The user who wants that experience would select that X profile and they will have all the environments predefined in the Dockerfile + all the new ones that are created "live" by the user and persisted at /home.
If the user modifies one of the environments "coming" from the Dockerfile, they can "promote" the customization by just modifying the Dockerfile, pushing it, and using the Configurator to update the reference (you could even think about using a latest
reference and the Configurator step would be not needed, although it is not recommended to use latest
unless you have a real good reason for that 😜 ).
If the user works with one of their /home
-backed environment, that would be automatically persistent (at the EFS slowness cost) but that one could be "promoted" to the Dockerfile when the user is enough happy about it...
I think this is another use case where bringing the JupyterHub and BinderHub helm charts closer together will provide a solution, as we will be able to provide workflows closer to what the persistent BinderHub helm chart does https://github.com/gesiscss/persistent_binderhub i.e. a user can create an environment on the fly from a repo using repo2docker and these environments are persisted
I think having something like you both described would simplify many workflows. A Hub admin would be responsible for infrastructure, (i.e. credentials, shared mounts, instance types). Researchers will build their environment from a github repo(using repo2docker or similar.) and select the instance type they want to run this environment on. I think just having the flexibility to bootstrap an environment like Binder will reduce the need for persisting changes to the base image, since we can make those changes in the original repository and presumably persistence will be used for just work in progress or sample data but not whole Conda environments.

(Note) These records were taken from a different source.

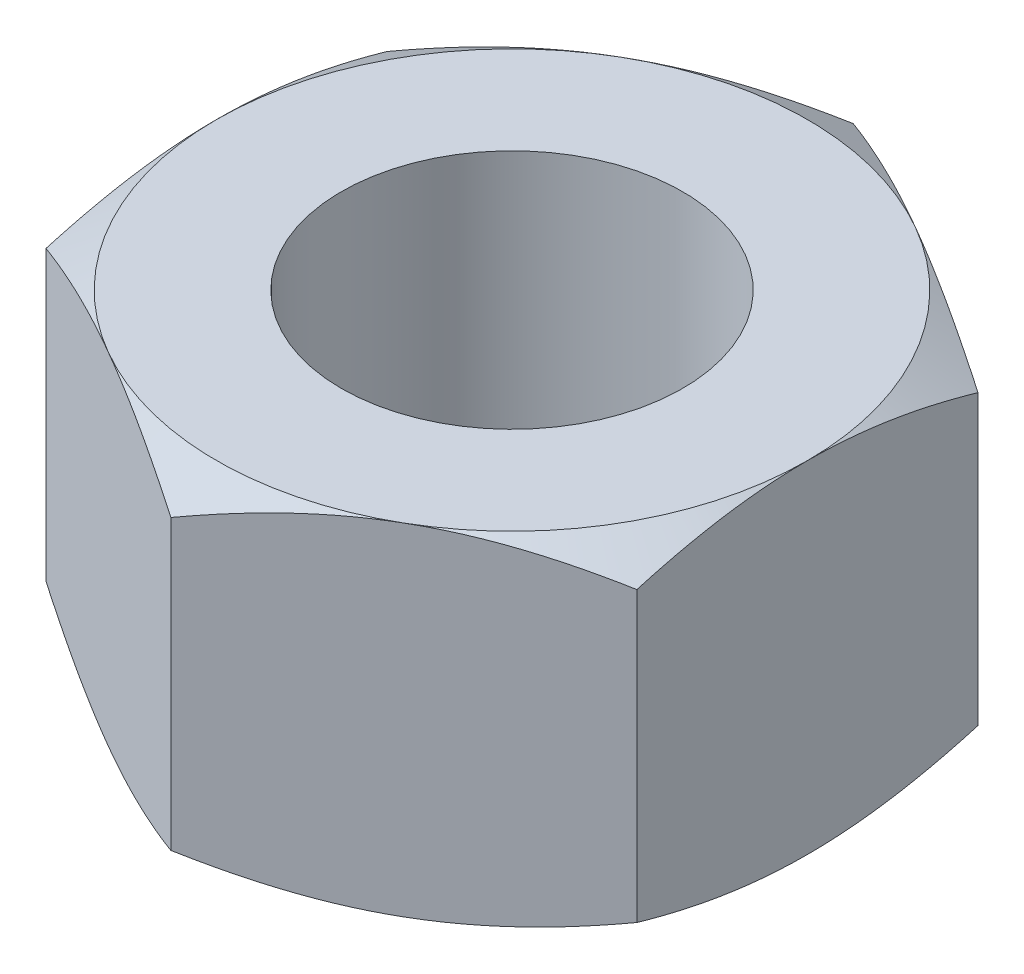
SolidWorks part; units mm, degrees
ref_plane "Front Plane" through (0, 0, 0) normal (0, 0, 1) x (1, 0, 0)
ref_plane "Top Plane" through (0, 0, 0) normal (0, 1, 0) x (1, 0, 0)
ref_plane "Right Plane" through (0, 0, 0) normal (1, 0, 0) x (0, 0, -1)
sketch "Sketch1" plane through (0, 0, 0) normal (0, 1, 0) x (1, 0, 0)
  line L1 (7.7942, 4.5) -> (0, 9)
  line L2 (0, 9) -> (-7.7942, 4.5)
  line L3 (-7.7942, 4.5) -> (-7.7942, -4.5)
  line L4 (-7.7942, -4.5) -> (0, -9)
  line L5 (0, -9) -> (7.7942, -4.5)
  line L6 (7.7942, -4.5) -> (7.7942, 4.5)
  circle A0 centre (0, 0) radius 7.7942 construction
  circle A1 centre (0, 0) radius 4.5
  dimension "D1" = 9
  dimension "D2" = 9
  dimension "D3" = 9
  dimension "D4" = 9
  dimension "D5" = 9
  dimension "D6" = 9
  dimension "D7" = 9
extrude "Boss-Extrude1" add sketch "Sketch1" along normal blind 9
sketch "Sketch2" plane through (0, 0, 0) normal (0, 1, 0) x (1, 0, 0)
  circle A0 centre (0, 0) radius 7.7942
  dimension "D1" = 15.5885
extrude "Cut-Extrude3" cut sketch "Sketch2" against normal mid plane 2 draft 60 flip side to cut contours A0
ref_plane "Plane1" through (0, 4.5, 0) normal (0, 1, 0) x (1, 0, 0)
mirror "Mirror2" about plane through (0, 4.5, 0) normal (0, 1, 0) of "Cut-Extrude3"

Hi 2i2c team, thanks for all the discussion here and in https://github.com/2i2c-org/pilot-hubs/issues/562. Does this sound like something 2i2c can support? @betolink and @amfriesz can start coordinating/preparing stuff on our end but we wanted to first confirm if this is something you'll be moving forward with, and if you know a rough timeline. @choldgraf I'm happy to chat about it too if you'd like
I think this issue can be closed. We ended up managing it at the custom base image level, another option for future deployments would be for the configuration to allow multiple user images (Jupyterhub profiles)
Is there a way to have multiple kernels in my session if I'm not a hub administrator? I tried to install some packages from the terminal and it seems I have no
sudo
either, is there a particular reason why?